In insgesamt sieben Ausgaben der selbst verlegten Zeitschrift „SPUR“ veröffentlichten die Künstler ihre gesellschaftlichen Manifeste und Erklärungen, zusammen mit frechen Collagen, chaotischen Kritzeleien und kritischen Zeichnungen. Leben, Architektur und Kunst sollten im Sinne des „Unitären Urbanismus“ zusammen geführt werden. So wollten sie die schöpferischen und spielerischen Kräfte der Menschen frei legen und damit die Welt verändern. Bei aller Revolution blieb die Gruppe immer ihrem Motto getreu: „Wer in Politik, Staat, Kirche, Wirtschaft, Militär, Parteien, Organisationen keine Gaudi hat, hat mit uns nichts zu tun“ (Januar-Manifest, SPUR 1961).

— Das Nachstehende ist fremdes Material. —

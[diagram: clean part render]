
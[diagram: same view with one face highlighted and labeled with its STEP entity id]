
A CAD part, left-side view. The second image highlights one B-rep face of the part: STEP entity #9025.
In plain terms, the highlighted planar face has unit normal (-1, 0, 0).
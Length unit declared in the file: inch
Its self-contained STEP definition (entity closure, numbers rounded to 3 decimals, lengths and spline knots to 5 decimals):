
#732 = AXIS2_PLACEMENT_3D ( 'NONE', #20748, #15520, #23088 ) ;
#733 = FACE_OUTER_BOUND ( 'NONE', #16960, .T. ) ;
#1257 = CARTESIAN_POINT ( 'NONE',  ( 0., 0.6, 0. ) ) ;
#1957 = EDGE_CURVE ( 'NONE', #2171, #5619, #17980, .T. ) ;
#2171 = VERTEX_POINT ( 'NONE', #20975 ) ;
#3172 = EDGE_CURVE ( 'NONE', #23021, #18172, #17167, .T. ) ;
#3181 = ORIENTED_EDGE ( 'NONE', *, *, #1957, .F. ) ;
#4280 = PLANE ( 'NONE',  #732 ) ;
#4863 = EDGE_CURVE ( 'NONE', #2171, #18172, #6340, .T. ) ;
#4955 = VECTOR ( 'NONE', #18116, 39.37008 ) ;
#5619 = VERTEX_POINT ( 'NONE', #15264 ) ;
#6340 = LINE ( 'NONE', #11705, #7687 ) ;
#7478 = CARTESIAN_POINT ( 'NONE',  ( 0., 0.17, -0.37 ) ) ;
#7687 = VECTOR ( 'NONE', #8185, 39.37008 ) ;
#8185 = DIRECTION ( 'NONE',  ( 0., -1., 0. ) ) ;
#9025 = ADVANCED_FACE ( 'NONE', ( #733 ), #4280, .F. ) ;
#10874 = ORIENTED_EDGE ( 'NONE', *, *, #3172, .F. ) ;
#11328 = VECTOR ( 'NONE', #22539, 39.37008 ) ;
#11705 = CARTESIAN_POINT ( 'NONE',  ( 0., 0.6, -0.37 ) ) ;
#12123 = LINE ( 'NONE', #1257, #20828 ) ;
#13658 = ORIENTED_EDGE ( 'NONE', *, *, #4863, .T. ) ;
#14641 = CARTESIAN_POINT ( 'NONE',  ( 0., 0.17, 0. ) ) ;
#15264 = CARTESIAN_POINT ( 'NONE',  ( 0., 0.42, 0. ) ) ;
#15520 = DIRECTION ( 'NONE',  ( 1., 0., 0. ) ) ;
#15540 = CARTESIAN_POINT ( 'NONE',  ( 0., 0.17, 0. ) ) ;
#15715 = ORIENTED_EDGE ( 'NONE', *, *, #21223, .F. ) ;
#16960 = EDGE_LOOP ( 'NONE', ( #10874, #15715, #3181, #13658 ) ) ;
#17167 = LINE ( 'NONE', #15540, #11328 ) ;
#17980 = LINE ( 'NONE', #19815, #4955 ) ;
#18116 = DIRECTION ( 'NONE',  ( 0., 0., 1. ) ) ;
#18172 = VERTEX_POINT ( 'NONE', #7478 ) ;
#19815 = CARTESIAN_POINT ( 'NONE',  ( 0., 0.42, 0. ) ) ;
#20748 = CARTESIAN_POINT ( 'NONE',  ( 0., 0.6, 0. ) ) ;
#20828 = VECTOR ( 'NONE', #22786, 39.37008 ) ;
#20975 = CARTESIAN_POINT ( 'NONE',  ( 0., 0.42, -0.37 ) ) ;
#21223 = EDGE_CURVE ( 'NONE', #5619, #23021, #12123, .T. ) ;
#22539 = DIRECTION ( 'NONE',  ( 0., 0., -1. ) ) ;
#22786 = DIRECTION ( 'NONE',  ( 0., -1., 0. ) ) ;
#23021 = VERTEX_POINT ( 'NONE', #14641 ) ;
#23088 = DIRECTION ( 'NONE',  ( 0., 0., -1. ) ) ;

Dieses Motto war für Kunstvereins-Akteur Markus Meyer, den Initiator der Ausstellung, Anlass, die „Räuberhöhle“ in der Ravensburger Burgstraße als Ausstellungsort zu wählen. Hier hätten sich die drei Maler und der Bildhauer Fischer wohl gefühlt, glaubt er. Überliefert ist, dass manche ihrer Besuche in den Münchner Gastwirtschaften mit Hausverboten endeten.

Die Ausstellung zeigt auf 36 Tafeln Kritzeleien, Zeichnungen und Manifeste aus der Zeitschrift „SPUR“. Die Ausstellung dauert bis zum14. März, sie ist während der Öffnungszeiten der „Räuberhöhle“, Burgstraße 14, Ravensburg von 18 bis 2 Uhr und sonntags auch von 10 bis 14 Uhr geöffnet. Der Eintritt ist frei.